┌─ Source information

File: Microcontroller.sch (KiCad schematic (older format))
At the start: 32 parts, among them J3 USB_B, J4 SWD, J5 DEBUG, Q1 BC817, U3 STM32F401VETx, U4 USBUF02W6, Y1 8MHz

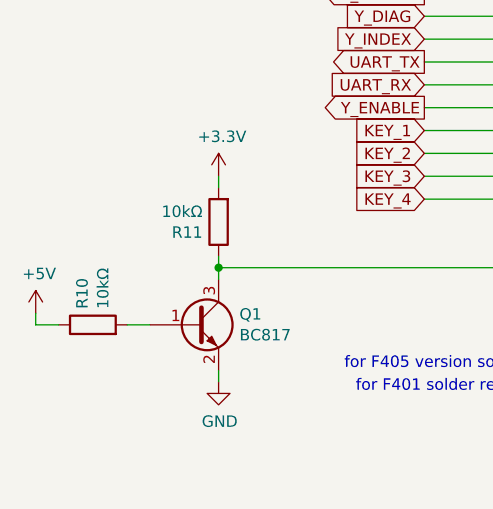
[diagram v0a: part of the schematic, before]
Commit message: Improve Emergency, Added TVS diodes
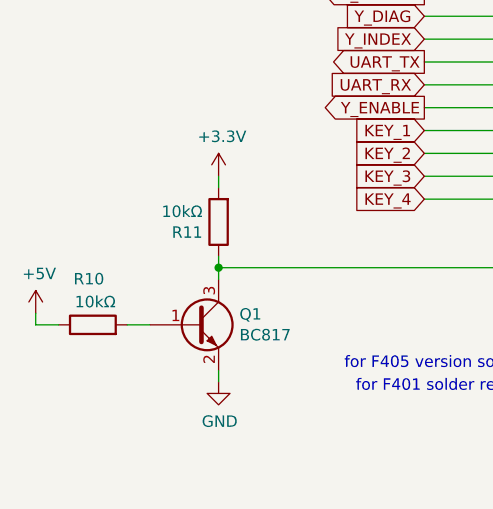
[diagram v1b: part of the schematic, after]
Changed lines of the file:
@@
 AR Path="/5E1018C2/5E3329E9" Ref="R?"  Part="1"
 AR Path="/5DFB2EC0/5E3329E9" Ref="R10"  Part="1"
-F 0 "R10" H 1120 6546 50  0000 L CNN
-F 1 "10kΩ" H 1120 6455 50  0000 L CNN
+F 0 "R10" V 1250 6450 50  0000 L CNN
+F 1 "10kΩ" V 1150 6400 50  0000 L CNN
 F 2 "Resistor_SMD:R_0603_1608Metric" V 980 6500 50  0001 C CNN
 F 3 "~" H 1050 6500 50  0001 C CNN
@@
 Connection ~ 4350 1200
 $Comp
-L power:PWR_FLAG #FLG05
+L power:PWR_FLAG #FLG01
 U 1 1 5E51609C
 P 8850 5750
-F 0 "#FLG05" H 8850 5825 50  0001 C CNN
+F 0 "#FLG01" H 8850 5825 50  0001 C CNN
 F 1 "PWR_FLAG" H 8850 5923 50  0000 C CNN
 F 2 "" H 8850 5750 50  0001 C CNN
@@
 	9900 5200 9900 5250
 $Comp
-L power:PWR_FLAG #FLG06
+L power:PWR_FLAG #FLG02
 U 1 1 5E56BFE7
 P 8950 5250
-F 0 "#FLG06" H 8950 5325 50  0001 C CNN
+F 0 "#FLG02" H 8950 5325 50  0001 C CNN
 F 1 "PWR_FLAG" H 8950 5423 50  0000 C CNN
 F 2 "" H 8950 5250 50  0001 C CNN

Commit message: Update USBUF02W6
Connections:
- net D-: now reaches J3.2 (D-), U4.4 (D3)
- net D+: now reaches J3.3 (D+), U4.6 (D4)
- net USB_DM renamed USB_D-
- net USB_DP renamed USB_D+
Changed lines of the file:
@@
 	4650 3950 5000 3950
 Text GLabel 5000 2750 2    50   BiDi ~ 0
-USB_DP
-Text GLabel 5000 2650 2    50   BiDi ~ 0
-USB_DM
+USB_D+
 Wire Wire Line
 	4650 2650 5000 2650
@@
 	8600 1400 8600 1450
 Text GLabel 9150 1800 2    50   BiDi ~ 0
-USB_DM
+USB_D-
 Text GLabel 9150 1700 2    50   BiDi ~ 0
-USB_DP
+USB_D+
 Wire Wire Line
 	8950 1700 9150 1700
@@
 Wire Wire Line
 	2750 2050 2750 2250
+Text Label 8050 1700 0    50   ~ 0
+D+
+Text Label 8050 1800 0    50   ~ 0
+D-
+Text GLabel 5000 2650 2    50   BiDi ~ 0
+USB_D-
 $EndSCHEMATC

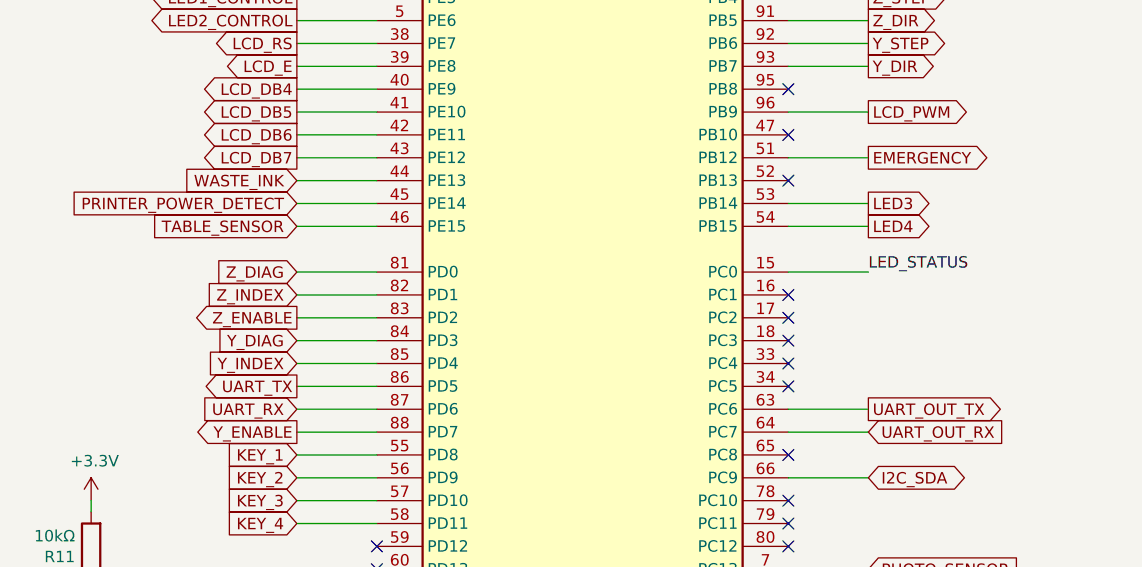
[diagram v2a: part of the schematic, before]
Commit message: Added 12V regulator, aditional input, outputs, improved inputs ESD
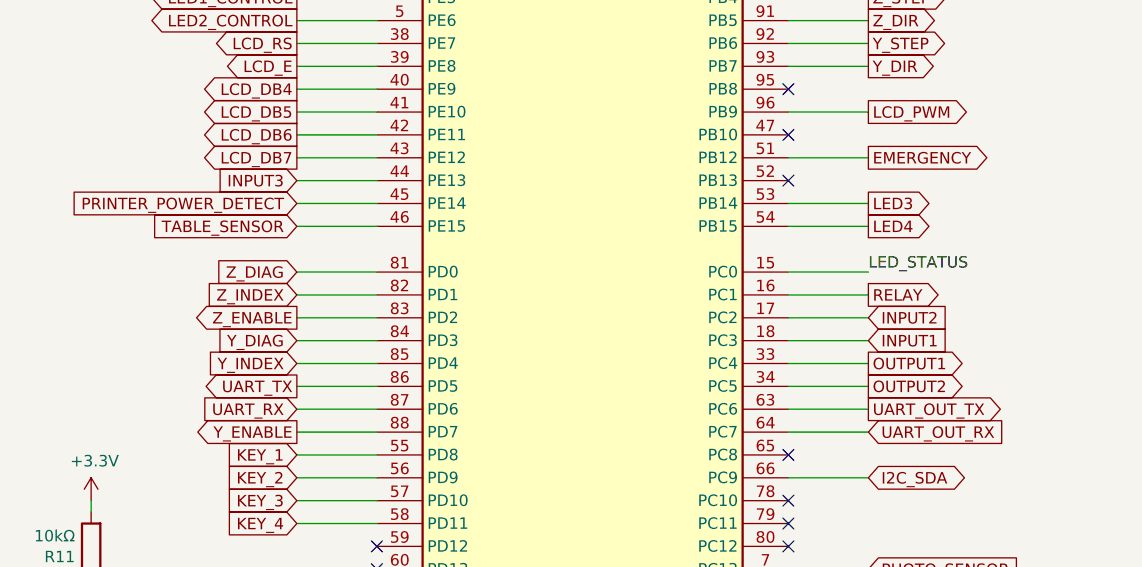
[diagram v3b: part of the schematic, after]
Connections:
- net RELAY: now reaches U3.16 (PC1)
- net INPUT2: now reaches U3.17 (PC2)
- net INPUT1: now reaches U3.18 (PC3)
- net OUTPUT1: now reaches U3.33 (PC4)
- net OUTPUT2: now reaches U3.34 (PC5)
- net WASTE_INK renamed INPUT3
- no-connect marks 28 -> 23
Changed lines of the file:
@@
 Text GLabel 2500 3350 0    50   Input ~ 0
 LIMIT_Y_FRONT
-Text GLabel 2500 4450 0    50   Input ~ 0
-WASTE_INK
 Text GLabel 5000 1750 2    50   Output ~ 0
 PE_SIGNAL
@@
 	5000 4650 4650 4650
 Wire Wire Line
-	2500 4450 2850 4450
-Wire Wire Line
 	4650 6150 5000 6150
 Wire Wire Line
@@
 NoConn ~ 4650 4250
 NoConn ~ 4650 4450
-NoConn ~ 4650 4950
-NoConn ~ 4650 5050
-NoConn ~ 4650 5150
-NoConn ~ 4650 5250
-NoConn ~ 4650 5350
 NoConn ~ 4650 5650
 NoConn ~ 4650 5850
@@
 Text GLabel 5000 2650 2    50   BiDi ~ 0
 USB_D-
+Text GLabel 2500 4450 0    50   Input ~ 0
+INPUT3
+Text GLabel 5000 5250 2    50   Output ~ 0
+OUTPUT1
+Text GLabel 5000 5350 2    50   Output ~ 0
+OUTPUT2
+Text GLabel 5000 5150 2    50   Input ~ 0
+INPUT1
+Text GLabel 5000 5050 2    50   Input ~ 0
+INPUT2
+Wire Wire Line
+	5000 5050 4650 5050
+Wire Wire Line
+	4650 5150 5000 5150
+Wire Wire Line
+	5000 5250 4650 5250
+Wire Wire Line
+	4650 5350 5000 5350
+Wire Wire Line
+	2500 4450 2850 4450
+Text GLabel 5000 4950 2    50   Output ~ 0
+RELAY
+Wire Wire Line
+	4650 4950 5000 4950
 $EndSCHEMATC

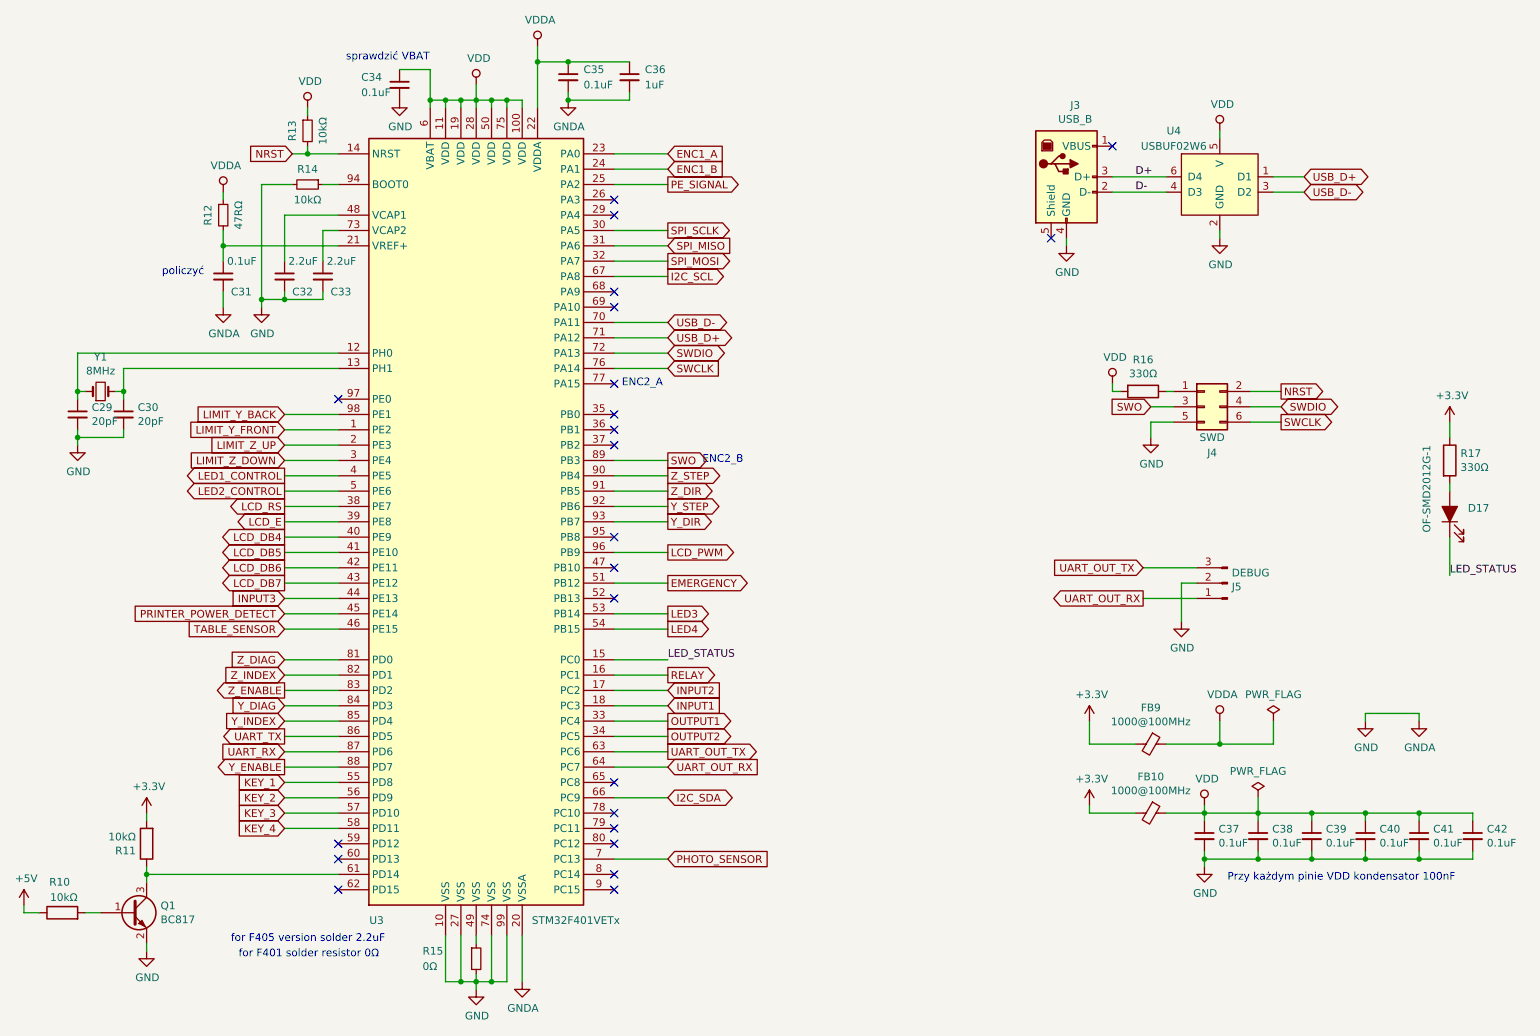
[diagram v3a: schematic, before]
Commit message: Added analog input
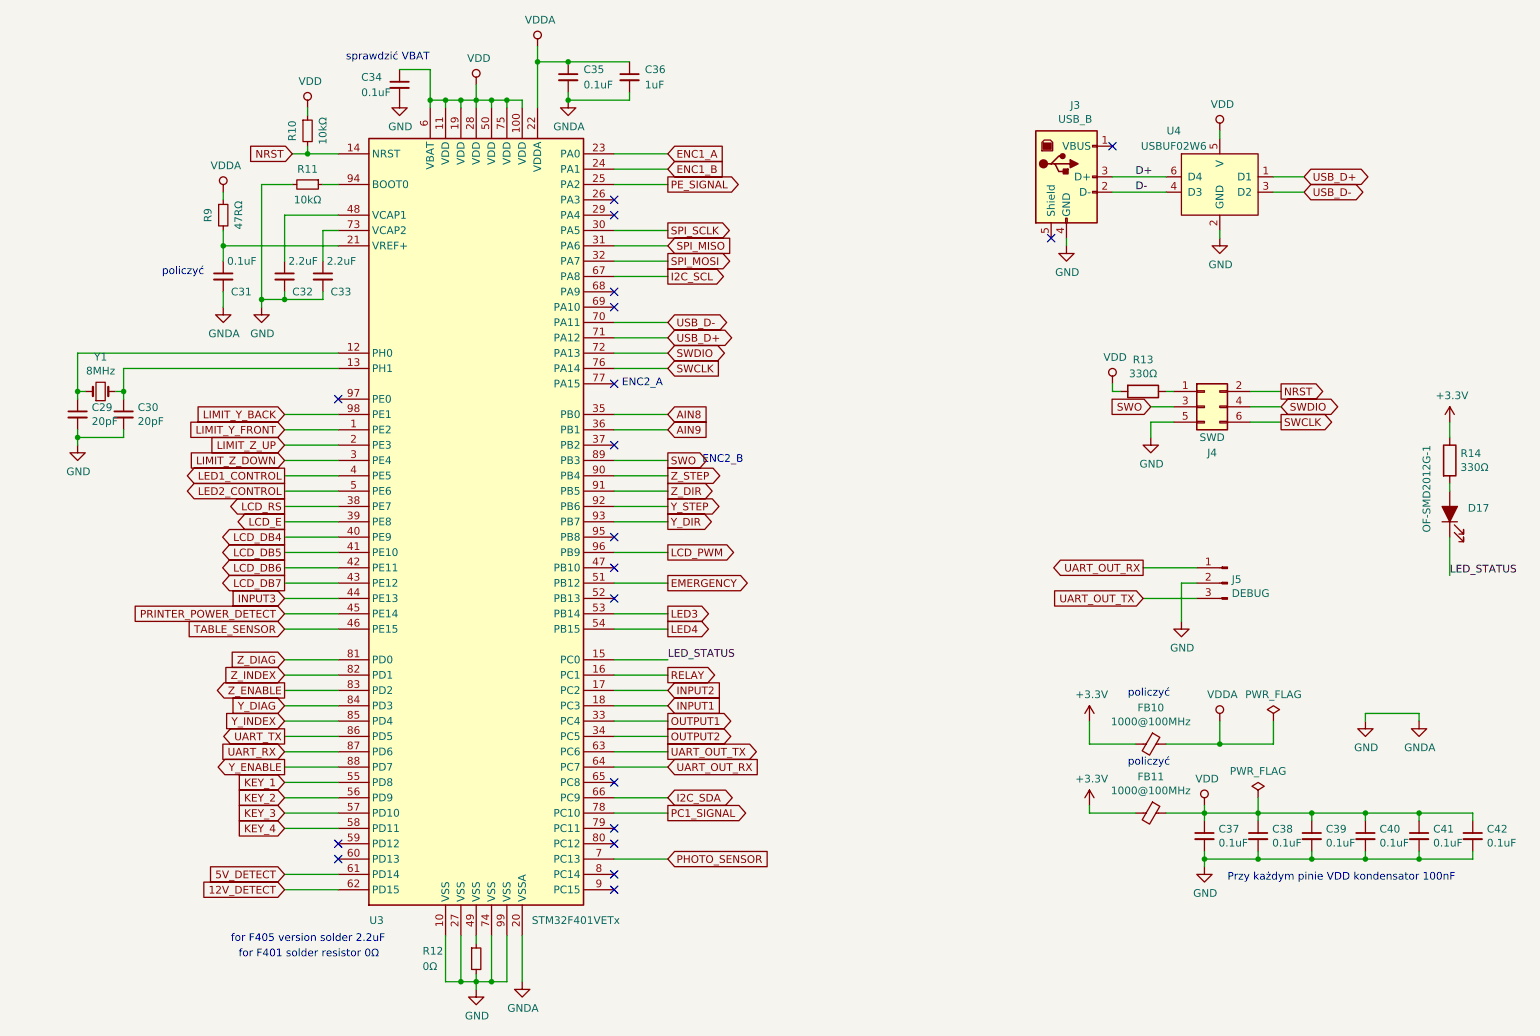
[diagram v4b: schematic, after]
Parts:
- removed Q1: BC817, Package_TO_SOT_SMD:SOT-23, symbol Transistor_BJT:BC817
- removed R10, R11: 10kΩ, Resistor_SMD:R_0603_1608Metric, symbol Device:R
- renumbered FB9 to FB10, FB10 to FB11, R13 to R10, R14 to R11, R15 to R12, R16 to R13, R17 to R14, R12 to R9
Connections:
- net AIN8: now reaches U3.35 (PB0)
- net AIN9: now reaches U3.36 (PB1)
- net 5V_DETECT: now reaches U3.61 (PD14)
- net 12V_DETECT: now reaches U3.62 (PD15)
- net PC1_SIGNAL: now reaches U3.78 (PC10)
- no-connect marks 23 -> 19

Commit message: Improve ESD Protection for TMC2209, Fuses. Schematic ready v1
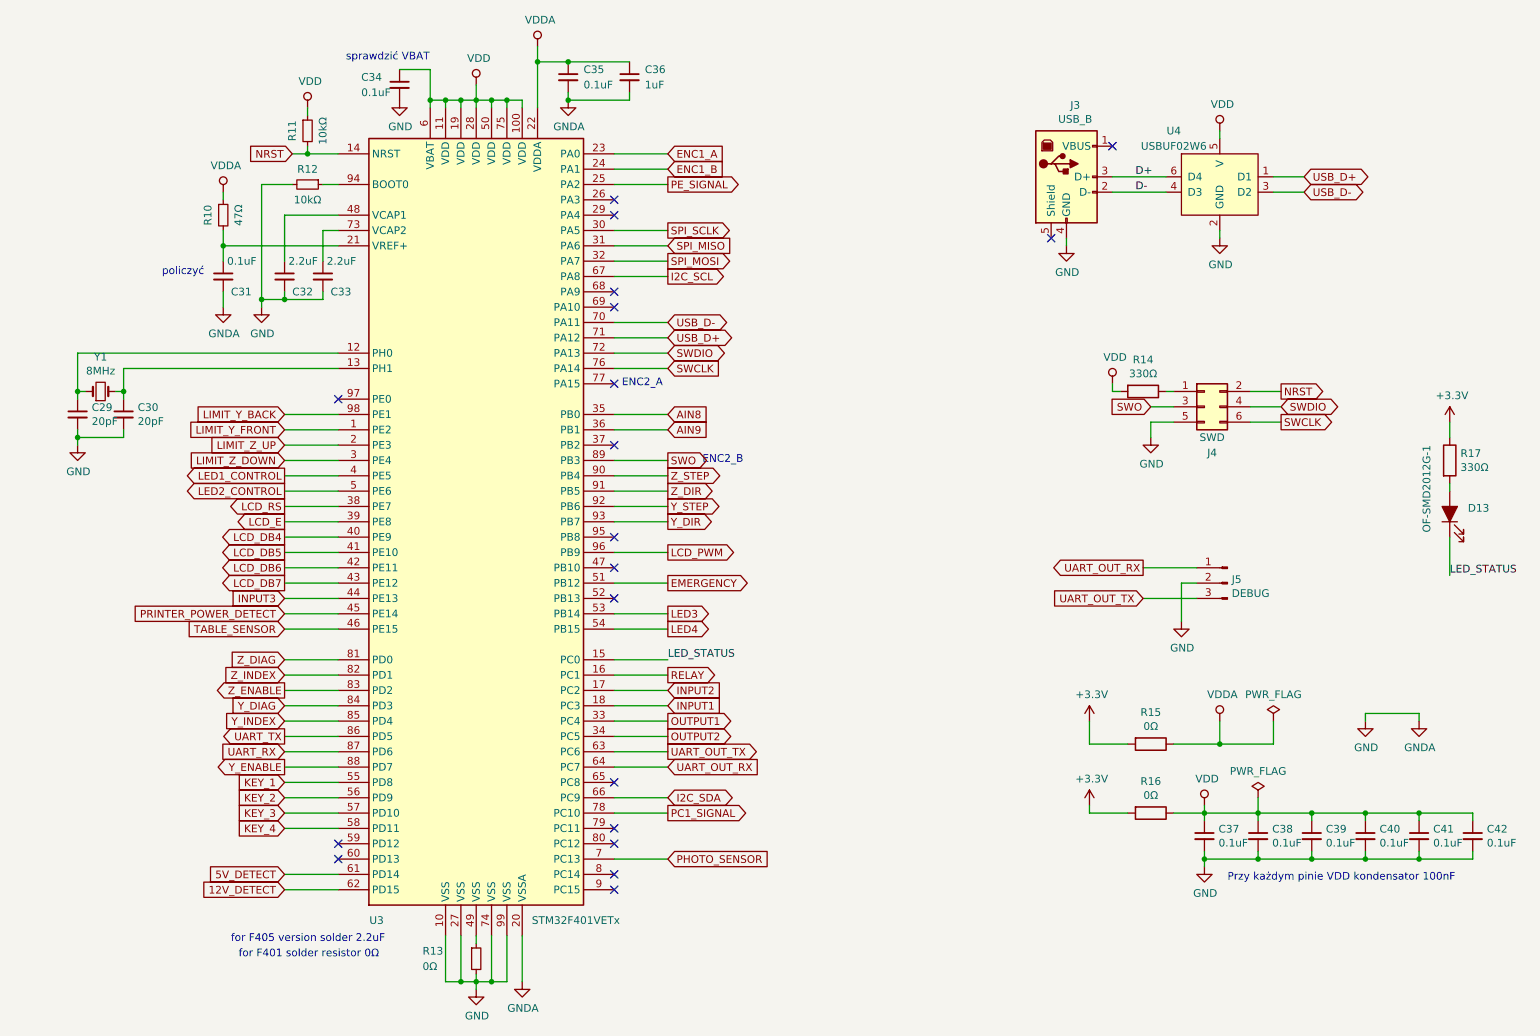
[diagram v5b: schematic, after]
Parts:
- removed FB10, FB11: 1000@100MHz, Inductor_SMD:L_0805_2012Metric, symbol Device:Ferrite_Bead_Small
- added R15, R16: 0Ω, Resistor_SMD:R_0603_1608Metric, symbol Device:R
- R10: renamed from R9; value 47RΩ -> 47Ω
- renumbered D17 to D13, R10 to R11, R11 to R12, R12 to R13, R13 to R14, R14 to R17
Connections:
- net +3V3: now also R15.2, R16.2
- net VDD: now also R16.1
- net VDDA: now also R15.1

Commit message: Update Crystal footprint and inductor 3D package on PCB
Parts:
- Y1: footprint Crystal:Crystal_HC49-U_Vertical -> Crystal:Crystal_HC49-4H_Vertical
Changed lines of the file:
@@
 F 0 "Y1" H 1300 3325 50  0000 C CNN
 F 1 "8MHz" H 1300 3234 50  0000 C CNN
-F 2 "Crystal:Crystal_HC49-U_Vertical" H 1300 3100 50  0001 C CNN
+F 2 "Crystal:Crystal_HC49-4H_Vertical" H 1300 3100 50  0001 C CNN
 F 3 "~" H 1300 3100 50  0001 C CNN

└─

**Your objective:** Retype word for word everything in the listing above from the line that holds "- net AIN8: now reaches U3.35 (PB0)" down to the line that holds "- no-connect marks 23 -> 19". Keep both end lines and leave out the rest.

**Exercise response:**
- net AIN8: now reaches U3.35 (PB0)
- net AIN9: now reaches U3.36 (PB1)
- net 5V_DETECT: now reaches U3.61 (PD14)
- net 12V_DETECT: now reaches U3.62 (PD15)
- net PC1_SIGNAL: now reaches U3.78 (PC10)
- no-connect marks 23 -> 19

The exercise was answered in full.